▶ YOUR GOAL
Repeat every entry exactly. Pictures stay out.

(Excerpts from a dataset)

____________________

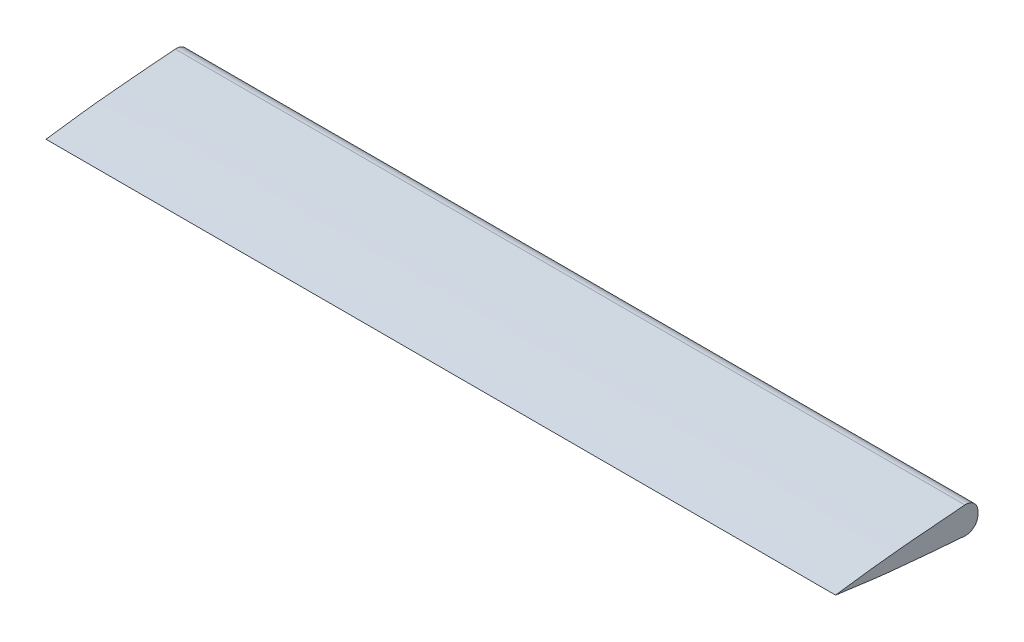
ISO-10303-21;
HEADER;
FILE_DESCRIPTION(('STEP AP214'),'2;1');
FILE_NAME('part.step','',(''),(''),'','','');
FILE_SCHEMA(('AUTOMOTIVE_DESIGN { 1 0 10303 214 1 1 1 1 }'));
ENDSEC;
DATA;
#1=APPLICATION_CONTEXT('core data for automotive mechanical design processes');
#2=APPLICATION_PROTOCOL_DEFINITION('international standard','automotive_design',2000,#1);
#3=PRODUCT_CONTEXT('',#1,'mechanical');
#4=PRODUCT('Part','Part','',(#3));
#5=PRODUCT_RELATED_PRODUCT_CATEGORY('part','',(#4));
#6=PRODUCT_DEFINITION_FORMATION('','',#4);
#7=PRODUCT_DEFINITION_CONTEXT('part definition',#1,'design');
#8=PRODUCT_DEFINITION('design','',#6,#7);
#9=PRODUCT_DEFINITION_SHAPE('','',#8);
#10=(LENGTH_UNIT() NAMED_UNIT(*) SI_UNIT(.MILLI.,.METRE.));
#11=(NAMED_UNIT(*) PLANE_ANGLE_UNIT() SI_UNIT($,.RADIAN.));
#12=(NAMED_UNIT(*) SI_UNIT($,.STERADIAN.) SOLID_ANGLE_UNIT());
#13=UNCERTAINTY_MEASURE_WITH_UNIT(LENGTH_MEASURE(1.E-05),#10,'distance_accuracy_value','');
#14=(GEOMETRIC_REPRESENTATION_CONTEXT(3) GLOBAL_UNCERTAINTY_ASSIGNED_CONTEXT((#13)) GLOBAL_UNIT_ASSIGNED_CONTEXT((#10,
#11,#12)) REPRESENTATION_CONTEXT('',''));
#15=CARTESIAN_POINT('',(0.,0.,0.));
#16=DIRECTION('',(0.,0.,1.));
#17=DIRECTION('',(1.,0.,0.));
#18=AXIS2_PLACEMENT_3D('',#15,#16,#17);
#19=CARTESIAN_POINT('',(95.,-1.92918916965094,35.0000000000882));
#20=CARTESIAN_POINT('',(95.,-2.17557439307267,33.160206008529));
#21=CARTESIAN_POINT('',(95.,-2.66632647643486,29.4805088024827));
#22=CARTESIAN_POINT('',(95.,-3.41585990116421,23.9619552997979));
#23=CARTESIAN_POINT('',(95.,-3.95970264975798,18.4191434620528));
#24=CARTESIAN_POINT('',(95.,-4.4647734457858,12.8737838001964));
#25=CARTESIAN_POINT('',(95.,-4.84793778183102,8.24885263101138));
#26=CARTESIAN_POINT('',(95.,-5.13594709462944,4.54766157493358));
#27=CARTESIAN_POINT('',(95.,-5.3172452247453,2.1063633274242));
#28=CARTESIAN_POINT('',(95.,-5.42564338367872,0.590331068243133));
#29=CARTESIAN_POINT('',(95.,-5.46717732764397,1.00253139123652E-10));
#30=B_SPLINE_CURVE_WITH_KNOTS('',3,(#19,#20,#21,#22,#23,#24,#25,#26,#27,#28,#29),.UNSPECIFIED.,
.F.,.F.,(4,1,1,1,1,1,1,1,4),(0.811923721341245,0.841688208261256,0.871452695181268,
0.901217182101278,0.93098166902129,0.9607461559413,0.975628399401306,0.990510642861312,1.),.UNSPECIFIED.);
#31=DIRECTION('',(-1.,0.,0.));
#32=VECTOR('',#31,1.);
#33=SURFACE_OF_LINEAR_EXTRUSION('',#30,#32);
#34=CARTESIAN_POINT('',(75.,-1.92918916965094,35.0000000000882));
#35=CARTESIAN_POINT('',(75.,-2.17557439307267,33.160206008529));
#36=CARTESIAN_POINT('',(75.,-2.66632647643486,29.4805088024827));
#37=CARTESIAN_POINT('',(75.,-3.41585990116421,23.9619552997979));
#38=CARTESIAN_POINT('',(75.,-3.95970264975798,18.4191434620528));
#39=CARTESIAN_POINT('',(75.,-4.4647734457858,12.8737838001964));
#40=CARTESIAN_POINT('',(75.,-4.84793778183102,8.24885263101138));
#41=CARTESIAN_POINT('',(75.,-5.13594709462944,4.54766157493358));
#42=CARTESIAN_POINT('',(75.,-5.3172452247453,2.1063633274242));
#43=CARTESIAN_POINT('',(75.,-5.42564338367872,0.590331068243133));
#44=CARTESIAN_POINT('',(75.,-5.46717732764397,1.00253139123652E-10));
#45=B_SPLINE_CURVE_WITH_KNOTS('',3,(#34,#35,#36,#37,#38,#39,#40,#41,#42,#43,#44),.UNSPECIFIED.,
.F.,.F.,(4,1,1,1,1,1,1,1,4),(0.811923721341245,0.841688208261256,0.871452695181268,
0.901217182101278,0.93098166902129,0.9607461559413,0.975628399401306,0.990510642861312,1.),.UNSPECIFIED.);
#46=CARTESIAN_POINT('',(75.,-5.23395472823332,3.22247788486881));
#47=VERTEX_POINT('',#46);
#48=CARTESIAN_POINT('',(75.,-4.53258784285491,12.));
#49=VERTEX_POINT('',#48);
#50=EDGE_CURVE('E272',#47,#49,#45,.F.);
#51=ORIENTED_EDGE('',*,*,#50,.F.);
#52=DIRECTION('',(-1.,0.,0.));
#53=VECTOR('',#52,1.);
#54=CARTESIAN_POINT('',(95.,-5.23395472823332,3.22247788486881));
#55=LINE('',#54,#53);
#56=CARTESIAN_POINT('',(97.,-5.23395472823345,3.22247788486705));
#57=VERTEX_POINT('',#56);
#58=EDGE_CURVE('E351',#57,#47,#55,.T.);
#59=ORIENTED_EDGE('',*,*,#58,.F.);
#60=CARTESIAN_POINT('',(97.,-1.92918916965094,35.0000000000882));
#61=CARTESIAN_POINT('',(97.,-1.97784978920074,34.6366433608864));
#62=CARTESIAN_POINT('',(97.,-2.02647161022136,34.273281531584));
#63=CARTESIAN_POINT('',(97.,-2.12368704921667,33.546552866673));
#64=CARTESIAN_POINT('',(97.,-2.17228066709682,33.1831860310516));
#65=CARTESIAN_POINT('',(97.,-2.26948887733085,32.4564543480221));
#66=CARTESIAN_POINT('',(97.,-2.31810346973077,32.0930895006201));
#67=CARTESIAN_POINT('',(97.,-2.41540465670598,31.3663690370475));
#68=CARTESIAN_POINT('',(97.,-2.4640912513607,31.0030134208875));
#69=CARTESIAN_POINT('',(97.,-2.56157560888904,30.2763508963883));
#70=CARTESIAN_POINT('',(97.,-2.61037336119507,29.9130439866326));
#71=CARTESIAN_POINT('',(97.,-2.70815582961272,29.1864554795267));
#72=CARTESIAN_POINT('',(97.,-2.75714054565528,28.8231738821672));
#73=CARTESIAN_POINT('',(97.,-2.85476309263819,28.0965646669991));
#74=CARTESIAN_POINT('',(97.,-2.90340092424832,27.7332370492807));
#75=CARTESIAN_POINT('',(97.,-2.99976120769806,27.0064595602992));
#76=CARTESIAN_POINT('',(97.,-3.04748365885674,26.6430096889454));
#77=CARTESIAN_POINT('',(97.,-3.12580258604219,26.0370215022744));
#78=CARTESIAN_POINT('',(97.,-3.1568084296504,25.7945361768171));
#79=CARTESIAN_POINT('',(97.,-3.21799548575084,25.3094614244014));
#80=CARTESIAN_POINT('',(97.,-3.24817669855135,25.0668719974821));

____________________

▶ EXERCISE RESPONSE
ISO-10303-21;
HEADER;
FILE_DESCRIPTION(('STEP AP214'),'2;1');
FILE_NAME('part.step','',(''),(''),'','','');
FILE_SCHEMA(('AUTOMOTIVE_DESIGN { 1 0 10303 214 1 1 1 1 }'));
ENDSEC;
DATA;
#1=APPLICATION_CONTEXT('core data for automotive mechanical design processes');
#2=APPLICATION_PROTOCOL_DEFINITION('international standard','automotive_design',2000,#1);
#3=PRODUCT_CONTEXT('',#1,'mechanical');
#4=PRODUCT('Part','Part','',(#3));
#5=PRODUCT_RELATED_PRODUCT_CATEGORY('part','',(#4));
#6=PRODUCT_DEFINITION_FORMATION('','',#4);
#7=PRODUCT_DEFINITION_CONTEXT('part definition',#1,'design');
#8=PRODUCT_DEFINITION('design','',#6,#7);
#9=PRODUCT_DEFINITION_SHAPE('','',#8);
#10=(LENGTH_UNIT() NAMED_UNIT(*) SI_UNIT(.MILLI.,.METRE.));
#11=(NAMED_UNIT(*) PLANE_ANGLE_UNIT() SI_UNIT($,.RADIAN.));
#12=(NAMED_UNIT(*) SI_UNIT($,.STERADIAN.) SOLID_ANGLE_UNIT());
#13=UNCERTAINTY_MEASURE_WITH_UNIT(LENGTH_MEASURE(1.E-05),#10,'distance_accuracy_value','');
#14=(GEOMETRIC_REPRESENTATION_CONTEXT(3) GLOBAL_UNCERTAINTY_ASSIGNED_CONTEXT((#13)) GLOBAL_UNIT_ASSIGNED_CONTEXT((#10,
#11,#12)) REPRESENTATION_CONTEXT('',''));
#15=CARTESIAN_POINT('',(0.,0.,0.));
#16=DIRECTION('',(0.,0.,1.));
#17=DIRECTION('',(1.,0.,0.));
#18=AXIS2_PLACEMENT_3D('',#15,#16,#17);
#19=CARTESIAN_POINT('',(95.,-1.92918916965094,35.0000000000882));
#20=CARTESIAN_POINT('',(95.,-2.17557439307267,33.160206008529));
#21=CARTESIAN_POINT('',(95.,-2.66632647643486,29.4805088024827));
#22=CARTESIAN_POINT('',(95.,-3.41585990116421,23.9619552997979));
#23=CARTESIAN_POINT('',(95.,-3.95970264975798,18.4191434620528));
#24=CARTESIAN_POINT('',(95.,-4.4647734457858,12.8737838001964));
#25=CARTESIAN_POINT('',(95.,-4.84793778183102,8.24885263101138));
#26=CARTESIAN_POINT('',(95.,-5.13594709462944,4.54766157493358));
#27=CARTESIAN_POINT('',(95.,-5.3172452247453,2.1063633274242));
#28=CARTESIAN_POINT('',(95.,-5.42564338367872,0.590331068243133));
#29=CARTESIAN_POINT('',(95.,-5.46717732764397,1.00253139123652E-10));
#30=B_SPLINE_CURVE_WITH_KNOTS('',3,(#19,#20,#21,#22,#23,#24,#25,#26,#27,#28,#29),.UNSPECIFIED.,
.F.,.F.,(4,1,1,1,1,1,1,1,4),(0.811923721341245,0.841688208261256,0.871452695181268,
0.901217182101278,0.93098166902129,0.9607461559413,0.975628399401306,0.990510642861312,1.),.UNSPECIFIED.);
#31=DIRECTION('',(-1.,0.,0.));
#32=VECTOR('',#31,1.);
#33=SURFACE_OF_LINEAR_EXTRUSION('',#30,#32);
#34=CARTESIAN_POINT('',(75.,-1.92918916965094,35.0000000000882));
#35=CARTESIAN_POINT('',(75.,-2.17557439307267,33.160206008529));
#36=CARTESIAN_POINT('',(75.,-2.66632647643486,29.4805088024827));
#37=CARTESIAN_POINT('',(75.,-3.41585990116421,23.9619552997979));
#38=CARTESIAN_POINT('',(75.,-3.95970264975798,18.4191434620528));
#39=CARTESIAN_POINT('',(75.,-4.4647734457858,12.8737838001964));
#40=CARTESIAN_POINT('',(75.,-4.84793778183102,8.24885263101138));
#41=CARTESIAN_POINT('',(75.,-5.13594709462944,4.54766157493358));
#42=CARTESIAN_POINT('',(75.,-5.3172452247453,2.1063633274242));
#43=CARTESIAN_POINT('',(75.,-5.42564338367872,0.590331068243133));
#44=CARTESIAN_POINT('',(75.,-5.46717732764397,1.00253139123652E-10));
#45=B_SPLINE_CURVE_WITH_KNOTS('',3,(#34,#35,#36,#37,#38,#39,#40,#41,#42,#43,#44),.UNSPECIFIED.,
.F.,.F.,(4,1,1,1,1,1,1,1,4),(0.811923721341245,0.841688208261256,0.871452695181268,
0.901217182101278,0.93098166902129,0.9607461559413,0.975628399401306,0.990510642861312,1.),.UNSPECIFIED.);
#46=CARTESIAN_POINT('',(75.,-5.23395472823332,3.22247788486881));
#47=VERTEX_POINT('',#46);
#48=CARTESIAN_POINT('',(75.,-4.53258784285491,12.));
#49=VERTEX_POINT('',#48);
#50=EDGE_CURVE('E272',#47,#49,#45,.F.);
#51=ORIENTED_EDGE('',*,*,#50,.F.);
#52=DIRECTION('',(-1.,0.,0.));
#53=VECTOR('',#52,1.);
#54=CARTESIAN_POINT('',(95.,-5.23395472823332,3.22247788486881));
#55=LINE('',#54,#53);
#56=CARTESIAN_POINT('',(97.,-5.23395472823345,3.22247788486705));
#57=VERTEX_POINT('',#56);
#58=EDGE_CURVE('E351',#57,#47,#55,.T.);
#59=ORIENTED_EDGE('',*,*,#58,.F.);
#60=CARTESIAN_POINT('',(97.,-1.92918916965094,35.0000000000882));
#61=CARTESIAN_POINT('',(97.,-1.97784978920074,34.6366433608864));
#62=CARTESIAN_POINT('',(97.,-2.02647161022136,34.273281531584));
#63=CARTESIAN_POINT('',(97.,-2.12368704921667,33.546552866673));
#64=CARTESIAN_POINT('',(97.,-2.17228066709682,33.1831860310516));
#65=CARTESIAN_POINT('',(97.,-2.26948887733085,32.4564543480221));
#66=CARTESIAN_POINT('',(97.,-2.31810346973077,32.0930895006201));
#67=CARTESIAN_POINT('',(97.,-2.41540465670598,31.3663690370475));
#68=CARTESIAN_POINT('',(97.,-2.4640912513607,31.0030134208875));
#69=CARTESIAN_POINT('',(97.,-2.56157560888904,30.2763508963883));
#70=CARTESIAN_POINT('',(97.,-2.61037336119507,29.9130439866326));
#71=CARTESIAN_POINT('',(97.,-2.70815582961272,29.1864554795267));
#72=CARTESIAN_POINT('',(97.,-2.75714054565528,28.8231738821672));
#73=CARTESIAN_POINT('',(97.,-2.85476309263819,28.0965646669991));
#74=CARTESIAN_POINT('',(97.,-2.90340092424832,27.7332370492807));
#75=CARTESIAN_POINT('',(97.,-2.99976120769806,27.0064595602992));
#76=CARTESIAN_POINT('',(97.,-3.04748365885674,26.6430096889454));
#77=CARTESIAN_POINT('',(97.,-3.12580258604219,26.0370215022744));
#78=CARTESIAN_POINT('',(97.,-3.1568084296504,25.7945361768171));
#79=CARTESIAN_POINT('',(97.,-3.21799548575084,25.3094614244014));
#80=CARTESIAN_POINT('',(97.,-3.24817669855135,25.0668719974821));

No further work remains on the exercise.